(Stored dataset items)
········

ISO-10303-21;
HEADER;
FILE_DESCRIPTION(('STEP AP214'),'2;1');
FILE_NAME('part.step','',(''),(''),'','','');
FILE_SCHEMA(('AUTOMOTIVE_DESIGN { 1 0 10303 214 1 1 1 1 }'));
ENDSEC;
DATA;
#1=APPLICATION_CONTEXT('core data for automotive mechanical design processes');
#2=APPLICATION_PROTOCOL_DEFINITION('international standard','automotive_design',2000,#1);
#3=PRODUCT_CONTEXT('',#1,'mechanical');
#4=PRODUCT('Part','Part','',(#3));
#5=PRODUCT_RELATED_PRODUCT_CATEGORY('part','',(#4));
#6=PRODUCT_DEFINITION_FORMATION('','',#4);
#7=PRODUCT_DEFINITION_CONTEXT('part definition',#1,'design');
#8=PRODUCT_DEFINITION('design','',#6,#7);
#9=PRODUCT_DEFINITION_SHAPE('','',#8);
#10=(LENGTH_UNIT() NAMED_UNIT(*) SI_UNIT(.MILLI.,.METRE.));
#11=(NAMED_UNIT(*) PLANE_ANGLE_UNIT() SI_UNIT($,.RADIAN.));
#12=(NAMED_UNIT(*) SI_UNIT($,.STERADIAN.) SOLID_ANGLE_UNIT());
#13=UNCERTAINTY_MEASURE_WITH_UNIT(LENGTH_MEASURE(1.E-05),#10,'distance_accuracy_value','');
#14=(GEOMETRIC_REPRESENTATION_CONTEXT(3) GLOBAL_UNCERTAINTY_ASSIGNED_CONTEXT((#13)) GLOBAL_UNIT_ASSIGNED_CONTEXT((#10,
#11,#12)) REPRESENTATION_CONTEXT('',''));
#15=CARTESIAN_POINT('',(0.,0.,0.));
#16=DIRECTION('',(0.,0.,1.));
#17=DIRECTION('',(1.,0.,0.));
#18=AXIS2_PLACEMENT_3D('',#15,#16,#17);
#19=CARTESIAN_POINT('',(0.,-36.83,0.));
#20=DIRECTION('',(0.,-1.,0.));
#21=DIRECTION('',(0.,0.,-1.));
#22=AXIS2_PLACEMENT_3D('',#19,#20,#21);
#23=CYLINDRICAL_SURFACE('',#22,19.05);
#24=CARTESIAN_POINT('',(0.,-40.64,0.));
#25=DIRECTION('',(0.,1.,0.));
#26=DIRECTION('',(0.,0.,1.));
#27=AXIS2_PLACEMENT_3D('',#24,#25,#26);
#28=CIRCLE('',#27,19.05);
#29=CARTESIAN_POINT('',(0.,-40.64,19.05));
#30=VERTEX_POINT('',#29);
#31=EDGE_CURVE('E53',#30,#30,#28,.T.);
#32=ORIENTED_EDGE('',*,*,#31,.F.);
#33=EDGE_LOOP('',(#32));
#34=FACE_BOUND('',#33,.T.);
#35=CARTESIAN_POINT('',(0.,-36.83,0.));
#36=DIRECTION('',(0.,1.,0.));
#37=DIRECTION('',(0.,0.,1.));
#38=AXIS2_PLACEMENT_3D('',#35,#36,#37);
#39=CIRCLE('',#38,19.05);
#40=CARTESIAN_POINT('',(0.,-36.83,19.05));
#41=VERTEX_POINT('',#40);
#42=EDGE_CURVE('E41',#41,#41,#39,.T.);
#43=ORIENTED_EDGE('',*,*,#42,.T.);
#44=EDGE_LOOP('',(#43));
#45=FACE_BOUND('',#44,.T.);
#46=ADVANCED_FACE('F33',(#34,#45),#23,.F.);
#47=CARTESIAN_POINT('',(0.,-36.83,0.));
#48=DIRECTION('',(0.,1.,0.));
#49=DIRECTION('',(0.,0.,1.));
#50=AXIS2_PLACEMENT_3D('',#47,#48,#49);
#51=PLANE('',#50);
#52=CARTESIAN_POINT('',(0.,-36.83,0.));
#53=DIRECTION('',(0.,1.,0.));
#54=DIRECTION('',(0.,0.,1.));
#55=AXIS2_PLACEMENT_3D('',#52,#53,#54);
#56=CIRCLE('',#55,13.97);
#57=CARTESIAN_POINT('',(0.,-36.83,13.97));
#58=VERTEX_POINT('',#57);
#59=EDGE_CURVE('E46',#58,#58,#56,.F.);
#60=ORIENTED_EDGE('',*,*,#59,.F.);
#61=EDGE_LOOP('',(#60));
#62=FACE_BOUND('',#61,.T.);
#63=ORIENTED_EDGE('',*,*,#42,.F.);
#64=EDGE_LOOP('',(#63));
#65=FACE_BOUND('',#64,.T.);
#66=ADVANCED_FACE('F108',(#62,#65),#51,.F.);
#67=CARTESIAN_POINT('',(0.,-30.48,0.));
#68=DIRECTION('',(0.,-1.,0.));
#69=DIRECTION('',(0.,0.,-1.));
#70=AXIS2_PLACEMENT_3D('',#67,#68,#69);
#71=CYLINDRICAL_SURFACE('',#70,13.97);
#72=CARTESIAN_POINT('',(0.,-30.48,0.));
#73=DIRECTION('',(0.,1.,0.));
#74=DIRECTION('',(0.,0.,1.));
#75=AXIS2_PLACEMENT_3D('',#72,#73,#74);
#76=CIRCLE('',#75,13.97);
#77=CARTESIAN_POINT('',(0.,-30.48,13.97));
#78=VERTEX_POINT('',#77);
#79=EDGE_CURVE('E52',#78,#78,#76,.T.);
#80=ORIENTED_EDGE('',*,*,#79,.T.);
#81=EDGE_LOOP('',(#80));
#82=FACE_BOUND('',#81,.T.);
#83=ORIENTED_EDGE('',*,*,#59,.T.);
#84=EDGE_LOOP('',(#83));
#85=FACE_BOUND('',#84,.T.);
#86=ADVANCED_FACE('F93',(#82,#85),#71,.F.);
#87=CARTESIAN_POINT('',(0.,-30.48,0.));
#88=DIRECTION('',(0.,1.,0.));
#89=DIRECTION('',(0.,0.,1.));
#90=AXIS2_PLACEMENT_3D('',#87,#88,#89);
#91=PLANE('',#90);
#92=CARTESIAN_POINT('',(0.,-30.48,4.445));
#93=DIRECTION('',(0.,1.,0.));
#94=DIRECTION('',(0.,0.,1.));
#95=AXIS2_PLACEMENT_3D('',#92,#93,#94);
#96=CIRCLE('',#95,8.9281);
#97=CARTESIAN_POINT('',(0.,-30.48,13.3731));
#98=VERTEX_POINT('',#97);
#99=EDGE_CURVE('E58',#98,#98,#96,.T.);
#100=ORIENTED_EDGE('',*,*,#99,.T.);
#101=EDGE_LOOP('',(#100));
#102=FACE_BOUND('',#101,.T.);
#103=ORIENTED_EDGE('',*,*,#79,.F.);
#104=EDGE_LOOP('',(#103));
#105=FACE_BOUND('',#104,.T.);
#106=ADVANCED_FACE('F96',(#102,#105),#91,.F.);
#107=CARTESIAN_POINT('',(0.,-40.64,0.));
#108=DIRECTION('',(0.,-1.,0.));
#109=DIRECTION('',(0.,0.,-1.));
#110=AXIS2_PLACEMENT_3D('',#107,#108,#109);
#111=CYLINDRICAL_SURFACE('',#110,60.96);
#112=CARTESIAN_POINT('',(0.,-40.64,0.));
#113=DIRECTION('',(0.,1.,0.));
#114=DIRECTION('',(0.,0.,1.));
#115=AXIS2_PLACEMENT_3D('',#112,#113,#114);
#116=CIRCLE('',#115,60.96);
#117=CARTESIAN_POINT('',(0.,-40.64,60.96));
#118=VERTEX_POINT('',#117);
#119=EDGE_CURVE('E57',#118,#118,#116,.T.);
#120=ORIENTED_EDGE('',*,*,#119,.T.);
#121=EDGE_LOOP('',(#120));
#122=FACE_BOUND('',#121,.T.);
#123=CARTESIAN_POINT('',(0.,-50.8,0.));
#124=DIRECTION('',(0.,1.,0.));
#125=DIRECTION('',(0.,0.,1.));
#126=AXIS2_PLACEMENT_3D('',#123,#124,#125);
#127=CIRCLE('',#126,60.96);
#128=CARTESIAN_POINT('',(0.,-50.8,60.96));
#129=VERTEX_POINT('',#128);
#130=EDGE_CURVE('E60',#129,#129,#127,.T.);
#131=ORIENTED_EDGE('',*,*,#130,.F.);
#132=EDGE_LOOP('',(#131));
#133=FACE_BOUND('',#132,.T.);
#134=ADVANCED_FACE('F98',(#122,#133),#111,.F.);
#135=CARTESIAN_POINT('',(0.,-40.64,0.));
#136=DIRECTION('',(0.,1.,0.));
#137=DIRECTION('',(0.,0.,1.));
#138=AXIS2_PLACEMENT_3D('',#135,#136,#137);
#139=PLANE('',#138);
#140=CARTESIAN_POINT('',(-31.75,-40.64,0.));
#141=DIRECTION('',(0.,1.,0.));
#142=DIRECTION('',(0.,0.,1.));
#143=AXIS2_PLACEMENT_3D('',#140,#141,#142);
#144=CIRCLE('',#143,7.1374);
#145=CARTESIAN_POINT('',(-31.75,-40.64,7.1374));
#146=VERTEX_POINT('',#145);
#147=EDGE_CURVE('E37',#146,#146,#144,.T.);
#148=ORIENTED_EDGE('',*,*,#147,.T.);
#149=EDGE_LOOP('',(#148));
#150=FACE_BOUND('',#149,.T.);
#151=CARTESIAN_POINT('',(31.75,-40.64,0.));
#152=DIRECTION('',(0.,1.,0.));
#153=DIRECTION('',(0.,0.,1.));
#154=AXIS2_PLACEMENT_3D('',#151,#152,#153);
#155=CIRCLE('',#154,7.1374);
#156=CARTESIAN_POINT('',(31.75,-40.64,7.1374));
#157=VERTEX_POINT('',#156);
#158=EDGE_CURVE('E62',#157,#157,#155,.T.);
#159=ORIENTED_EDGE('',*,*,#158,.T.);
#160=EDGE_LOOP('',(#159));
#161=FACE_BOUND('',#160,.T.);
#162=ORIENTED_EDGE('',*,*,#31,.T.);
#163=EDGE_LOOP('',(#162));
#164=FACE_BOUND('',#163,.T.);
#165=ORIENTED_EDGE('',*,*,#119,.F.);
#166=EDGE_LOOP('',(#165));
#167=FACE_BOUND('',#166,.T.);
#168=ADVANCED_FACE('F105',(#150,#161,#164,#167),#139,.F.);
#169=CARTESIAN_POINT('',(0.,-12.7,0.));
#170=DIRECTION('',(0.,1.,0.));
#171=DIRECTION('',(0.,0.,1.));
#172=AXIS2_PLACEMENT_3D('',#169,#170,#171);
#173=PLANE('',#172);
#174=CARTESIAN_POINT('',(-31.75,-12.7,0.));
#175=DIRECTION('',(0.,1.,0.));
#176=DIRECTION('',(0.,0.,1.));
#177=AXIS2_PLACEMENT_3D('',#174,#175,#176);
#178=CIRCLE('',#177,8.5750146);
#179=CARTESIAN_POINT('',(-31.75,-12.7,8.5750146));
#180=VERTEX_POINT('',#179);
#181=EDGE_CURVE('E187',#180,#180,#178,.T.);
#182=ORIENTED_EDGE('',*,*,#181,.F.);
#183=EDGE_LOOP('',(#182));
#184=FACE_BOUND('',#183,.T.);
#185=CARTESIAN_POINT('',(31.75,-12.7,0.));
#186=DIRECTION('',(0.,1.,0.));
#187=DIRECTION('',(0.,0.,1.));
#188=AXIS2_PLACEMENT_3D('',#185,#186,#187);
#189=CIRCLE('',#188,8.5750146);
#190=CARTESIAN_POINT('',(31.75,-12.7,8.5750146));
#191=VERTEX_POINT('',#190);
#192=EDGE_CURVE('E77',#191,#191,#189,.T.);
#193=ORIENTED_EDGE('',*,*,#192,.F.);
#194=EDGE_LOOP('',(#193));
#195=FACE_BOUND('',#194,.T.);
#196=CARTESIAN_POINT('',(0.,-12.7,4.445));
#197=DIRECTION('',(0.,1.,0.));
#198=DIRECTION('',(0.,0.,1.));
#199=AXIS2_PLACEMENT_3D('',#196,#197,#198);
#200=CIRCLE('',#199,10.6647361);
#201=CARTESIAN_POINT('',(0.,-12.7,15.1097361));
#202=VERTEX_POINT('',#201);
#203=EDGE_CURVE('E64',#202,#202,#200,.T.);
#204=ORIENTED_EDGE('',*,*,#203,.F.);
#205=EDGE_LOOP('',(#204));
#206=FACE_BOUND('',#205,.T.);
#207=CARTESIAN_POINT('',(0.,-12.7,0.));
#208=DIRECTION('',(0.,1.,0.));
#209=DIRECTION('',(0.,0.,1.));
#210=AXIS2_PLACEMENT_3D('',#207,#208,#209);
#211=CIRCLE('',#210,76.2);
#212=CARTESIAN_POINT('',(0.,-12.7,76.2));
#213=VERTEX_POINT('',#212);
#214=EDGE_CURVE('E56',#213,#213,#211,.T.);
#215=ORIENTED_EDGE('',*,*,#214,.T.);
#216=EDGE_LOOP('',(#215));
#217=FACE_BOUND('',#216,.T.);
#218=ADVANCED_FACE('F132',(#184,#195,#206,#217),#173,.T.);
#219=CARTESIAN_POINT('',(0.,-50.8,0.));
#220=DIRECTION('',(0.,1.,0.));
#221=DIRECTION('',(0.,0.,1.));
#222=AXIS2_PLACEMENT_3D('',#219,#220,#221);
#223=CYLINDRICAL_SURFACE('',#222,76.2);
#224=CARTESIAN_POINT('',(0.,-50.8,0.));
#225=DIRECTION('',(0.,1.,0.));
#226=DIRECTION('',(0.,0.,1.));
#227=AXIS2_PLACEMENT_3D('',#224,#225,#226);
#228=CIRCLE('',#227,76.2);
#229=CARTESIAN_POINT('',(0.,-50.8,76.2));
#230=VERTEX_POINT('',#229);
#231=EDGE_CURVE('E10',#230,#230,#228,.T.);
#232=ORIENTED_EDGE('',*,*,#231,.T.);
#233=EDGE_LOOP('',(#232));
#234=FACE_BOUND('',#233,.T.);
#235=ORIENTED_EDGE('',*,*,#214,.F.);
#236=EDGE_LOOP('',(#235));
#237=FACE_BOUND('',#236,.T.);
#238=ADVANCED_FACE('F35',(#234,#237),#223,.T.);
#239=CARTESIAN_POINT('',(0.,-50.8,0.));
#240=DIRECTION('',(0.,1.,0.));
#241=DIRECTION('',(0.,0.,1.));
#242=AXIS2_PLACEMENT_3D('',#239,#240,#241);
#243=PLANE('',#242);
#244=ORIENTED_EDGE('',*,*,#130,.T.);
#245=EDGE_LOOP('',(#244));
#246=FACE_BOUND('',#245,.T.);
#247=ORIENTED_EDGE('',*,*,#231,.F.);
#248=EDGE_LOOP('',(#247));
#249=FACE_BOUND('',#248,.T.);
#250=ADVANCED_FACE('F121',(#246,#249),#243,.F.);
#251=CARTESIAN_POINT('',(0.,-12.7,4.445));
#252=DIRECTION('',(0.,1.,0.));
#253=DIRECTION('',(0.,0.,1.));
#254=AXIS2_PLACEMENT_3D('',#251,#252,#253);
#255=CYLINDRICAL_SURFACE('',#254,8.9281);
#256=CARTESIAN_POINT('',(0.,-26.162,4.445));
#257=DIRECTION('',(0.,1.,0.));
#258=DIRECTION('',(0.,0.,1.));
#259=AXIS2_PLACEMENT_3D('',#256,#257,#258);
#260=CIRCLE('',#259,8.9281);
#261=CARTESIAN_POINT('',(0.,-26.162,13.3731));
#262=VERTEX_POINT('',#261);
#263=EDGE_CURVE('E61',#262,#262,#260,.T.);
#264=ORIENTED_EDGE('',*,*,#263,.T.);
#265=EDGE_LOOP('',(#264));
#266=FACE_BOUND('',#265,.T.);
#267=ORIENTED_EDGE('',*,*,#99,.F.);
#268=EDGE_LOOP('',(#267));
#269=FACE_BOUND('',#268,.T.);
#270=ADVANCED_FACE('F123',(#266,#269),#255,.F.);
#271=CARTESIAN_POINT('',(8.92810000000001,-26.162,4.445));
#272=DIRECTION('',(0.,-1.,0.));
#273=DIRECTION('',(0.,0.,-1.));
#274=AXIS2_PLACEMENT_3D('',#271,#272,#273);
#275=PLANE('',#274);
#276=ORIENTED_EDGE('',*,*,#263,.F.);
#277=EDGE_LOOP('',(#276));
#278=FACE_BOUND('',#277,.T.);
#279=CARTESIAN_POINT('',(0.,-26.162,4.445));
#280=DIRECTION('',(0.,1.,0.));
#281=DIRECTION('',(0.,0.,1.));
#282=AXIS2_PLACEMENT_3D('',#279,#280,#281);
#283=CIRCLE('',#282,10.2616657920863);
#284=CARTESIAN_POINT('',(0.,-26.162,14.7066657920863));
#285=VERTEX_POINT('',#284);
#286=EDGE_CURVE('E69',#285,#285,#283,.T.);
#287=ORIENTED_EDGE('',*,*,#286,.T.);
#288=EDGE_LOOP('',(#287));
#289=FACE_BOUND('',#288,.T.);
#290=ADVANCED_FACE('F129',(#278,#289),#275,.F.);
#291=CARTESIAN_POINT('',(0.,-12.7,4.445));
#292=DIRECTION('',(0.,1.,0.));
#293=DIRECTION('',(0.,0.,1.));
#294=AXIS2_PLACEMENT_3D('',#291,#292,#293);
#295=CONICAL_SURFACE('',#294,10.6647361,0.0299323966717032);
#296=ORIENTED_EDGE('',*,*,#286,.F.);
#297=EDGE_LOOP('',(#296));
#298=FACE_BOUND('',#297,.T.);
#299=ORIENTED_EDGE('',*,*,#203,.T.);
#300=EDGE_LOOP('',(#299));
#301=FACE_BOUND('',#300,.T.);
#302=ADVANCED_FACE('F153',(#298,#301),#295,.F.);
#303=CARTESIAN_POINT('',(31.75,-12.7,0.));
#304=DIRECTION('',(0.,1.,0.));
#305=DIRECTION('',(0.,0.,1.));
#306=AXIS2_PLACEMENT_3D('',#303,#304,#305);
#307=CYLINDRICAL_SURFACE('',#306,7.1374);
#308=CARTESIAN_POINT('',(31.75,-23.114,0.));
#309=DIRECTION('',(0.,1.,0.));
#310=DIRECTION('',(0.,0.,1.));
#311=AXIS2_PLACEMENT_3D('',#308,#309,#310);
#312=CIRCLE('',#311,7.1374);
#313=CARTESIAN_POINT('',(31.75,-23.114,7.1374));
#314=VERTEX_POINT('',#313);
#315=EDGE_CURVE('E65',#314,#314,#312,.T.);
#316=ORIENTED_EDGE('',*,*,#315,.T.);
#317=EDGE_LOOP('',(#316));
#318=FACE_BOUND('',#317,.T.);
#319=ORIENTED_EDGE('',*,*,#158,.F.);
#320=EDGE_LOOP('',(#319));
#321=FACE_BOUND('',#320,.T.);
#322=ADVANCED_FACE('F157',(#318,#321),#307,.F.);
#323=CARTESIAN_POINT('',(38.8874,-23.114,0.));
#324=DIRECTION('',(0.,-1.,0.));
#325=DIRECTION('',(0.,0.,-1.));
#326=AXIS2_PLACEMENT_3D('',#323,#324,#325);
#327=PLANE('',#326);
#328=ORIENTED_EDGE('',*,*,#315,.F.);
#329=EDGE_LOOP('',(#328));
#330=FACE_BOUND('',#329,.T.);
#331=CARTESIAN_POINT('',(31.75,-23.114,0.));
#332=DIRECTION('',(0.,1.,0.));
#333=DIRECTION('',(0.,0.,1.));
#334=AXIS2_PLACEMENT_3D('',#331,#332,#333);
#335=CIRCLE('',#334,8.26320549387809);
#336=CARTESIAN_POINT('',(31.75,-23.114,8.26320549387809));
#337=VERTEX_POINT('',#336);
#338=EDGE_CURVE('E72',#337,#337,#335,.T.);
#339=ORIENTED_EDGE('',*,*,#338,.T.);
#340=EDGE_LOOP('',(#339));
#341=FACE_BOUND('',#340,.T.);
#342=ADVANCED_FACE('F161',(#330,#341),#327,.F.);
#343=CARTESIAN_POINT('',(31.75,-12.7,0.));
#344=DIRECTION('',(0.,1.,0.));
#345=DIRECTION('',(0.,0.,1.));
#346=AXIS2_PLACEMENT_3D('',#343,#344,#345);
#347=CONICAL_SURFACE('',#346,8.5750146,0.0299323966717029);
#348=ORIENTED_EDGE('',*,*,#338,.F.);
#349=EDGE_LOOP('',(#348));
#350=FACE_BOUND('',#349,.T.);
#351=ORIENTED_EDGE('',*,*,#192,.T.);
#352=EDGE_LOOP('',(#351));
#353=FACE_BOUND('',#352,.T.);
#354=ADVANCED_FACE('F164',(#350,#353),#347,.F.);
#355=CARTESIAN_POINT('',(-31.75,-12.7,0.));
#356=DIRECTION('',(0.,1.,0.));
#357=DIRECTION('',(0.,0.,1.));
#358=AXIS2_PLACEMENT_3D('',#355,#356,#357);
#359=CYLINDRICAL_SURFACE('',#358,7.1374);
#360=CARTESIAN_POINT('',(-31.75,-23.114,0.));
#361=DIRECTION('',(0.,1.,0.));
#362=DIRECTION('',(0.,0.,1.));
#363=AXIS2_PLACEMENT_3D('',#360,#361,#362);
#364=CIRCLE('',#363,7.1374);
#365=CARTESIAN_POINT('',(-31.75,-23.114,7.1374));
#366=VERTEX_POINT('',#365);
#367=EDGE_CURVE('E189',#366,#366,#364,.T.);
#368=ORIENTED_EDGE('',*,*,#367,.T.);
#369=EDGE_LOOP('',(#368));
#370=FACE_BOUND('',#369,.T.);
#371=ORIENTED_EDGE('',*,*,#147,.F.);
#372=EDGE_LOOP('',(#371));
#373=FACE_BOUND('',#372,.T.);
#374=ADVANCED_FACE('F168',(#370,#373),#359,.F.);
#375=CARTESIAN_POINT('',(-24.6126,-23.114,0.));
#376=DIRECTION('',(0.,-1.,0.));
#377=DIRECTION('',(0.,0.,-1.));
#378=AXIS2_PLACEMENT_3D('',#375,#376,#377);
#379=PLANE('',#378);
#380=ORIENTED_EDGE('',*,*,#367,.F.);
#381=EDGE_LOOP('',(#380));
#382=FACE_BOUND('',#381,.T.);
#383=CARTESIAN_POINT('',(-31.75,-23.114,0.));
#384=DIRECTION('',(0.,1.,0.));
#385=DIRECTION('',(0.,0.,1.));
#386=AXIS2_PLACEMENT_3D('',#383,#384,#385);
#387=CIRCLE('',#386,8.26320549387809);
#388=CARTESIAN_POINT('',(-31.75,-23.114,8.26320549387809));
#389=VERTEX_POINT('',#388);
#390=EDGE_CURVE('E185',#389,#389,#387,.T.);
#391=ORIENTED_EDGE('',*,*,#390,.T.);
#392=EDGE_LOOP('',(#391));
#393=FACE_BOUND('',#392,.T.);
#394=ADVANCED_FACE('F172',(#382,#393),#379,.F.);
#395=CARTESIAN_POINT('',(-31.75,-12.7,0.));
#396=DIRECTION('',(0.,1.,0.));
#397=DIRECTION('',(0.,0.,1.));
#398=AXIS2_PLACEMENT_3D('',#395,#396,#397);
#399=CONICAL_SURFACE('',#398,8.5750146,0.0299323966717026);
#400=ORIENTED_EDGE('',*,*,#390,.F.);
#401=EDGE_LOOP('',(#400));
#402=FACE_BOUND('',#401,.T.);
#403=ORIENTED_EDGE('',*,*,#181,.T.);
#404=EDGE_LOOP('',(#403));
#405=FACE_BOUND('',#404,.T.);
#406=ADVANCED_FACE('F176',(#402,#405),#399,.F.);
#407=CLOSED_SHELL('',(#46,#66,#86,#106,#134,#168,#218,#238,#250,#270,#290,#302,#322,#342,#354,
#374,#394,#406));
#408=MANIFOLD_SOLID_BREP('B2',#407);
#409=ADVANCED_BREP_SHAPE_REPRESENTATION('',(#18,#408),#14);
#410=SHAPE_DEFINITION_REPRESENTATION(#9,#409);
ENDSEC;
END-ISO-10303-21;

········

=== Work instructions ===
All lines above from the line with "#143=AXIS2_PLACEMENT_3D('',#140,#141,#142);" through the line with "#184=FACE_BOUND('',#183,.T.);", both included, are to be set down exactly, with nothing else.

=== Problem solution ===
#143=AXIS2_PLACEMENT_3D('',#140,#141,#142);
#144=CIRCLE('',#143,7.1374);
#145=CARTESIAN_POINT('',(-31.75,-40.64,7.1374));
#146=VERTEX_POINT('',#145);
#147=EDGE_CURVE('E37',#146,#146,#144,.T.);
#148=ORIENTED_EDGE('',*,*,#147,.T.);
#149=EDGE_LOOP('',(#148));
#150=FACE_BOUND('',#149,.T.);
#151=CARTESIAN_POINT('',(31.75,-40.64,0.));
#152=DIRECTION('',(0.,1.,0.));
#153=DIRECTION('',(0.,0.,1.));
#154=AXIS2_PLACEMENT_3D('',#151,#152,#153);
#155=CIRCLE('',#154,7.1374);
#156=CARTESIAN_POINT('',(31.75,-40.64,7.1374));
#157=VERTEX_POINT('',#156);
#158=EDGE_CURVE('E62',#157,#157,#155,.T.);
#159=ORIENTED_EDGE('',*,*,#158,.T.);
#160=EDGE_LOOP('',(#159));
#161=FACE_BOUND('',#160,.T.);
#162=ORIENTED_EDGE('',*,*,#31,.T.);
#163=EDGE_LOOP('',(#162));
#164=FACE_BOUND('',#163,.T.);
#165=ORIENTED_EDGE('',*,*,#119,.F.);
#166=EDGE_LOOP('',(#165));
#167=FACE_BOUND('',#166,.T.);
#168=ADVANCED_FACE('F105',(#150,#161,#164,#167),#139,.F.);
#169=CARTESIAN_POINT('',(0.,-12.7,0.));
#170=DIRECTION('',(0.,1.,0.));
#171=DIRECTION('',(0.,0.,1.));
#172=AXIS2_PLACEMENT_3D('',#169,#170,#171);
#173=PLANE('',#172);
#174=CARTESIAN_POINT('',(-31.75,-12.7,0.));
#175=DIRECTION('',(0.,1.,0.));
#176=DIRECTION('',(0.,0.,1.));
#177=AXIS2_PLACEMENT_3D('',#174,#175,#176);
#178=CIRCLE('',#177,8.5750146);
#179=CARTESIAN_POINT('',(-31.75,-12.7,8.5750146));
#180=VERTEX_POINT('',#179);
#181=EDGE_CURVE('E187',#180,#180,#178,.T.);
#182=ORIENTED_EDGE('',*,*,#181,.F.);
#183=EDGE_LOOP('',(#182));
#184=FACE_BOUND('',#183,.T.);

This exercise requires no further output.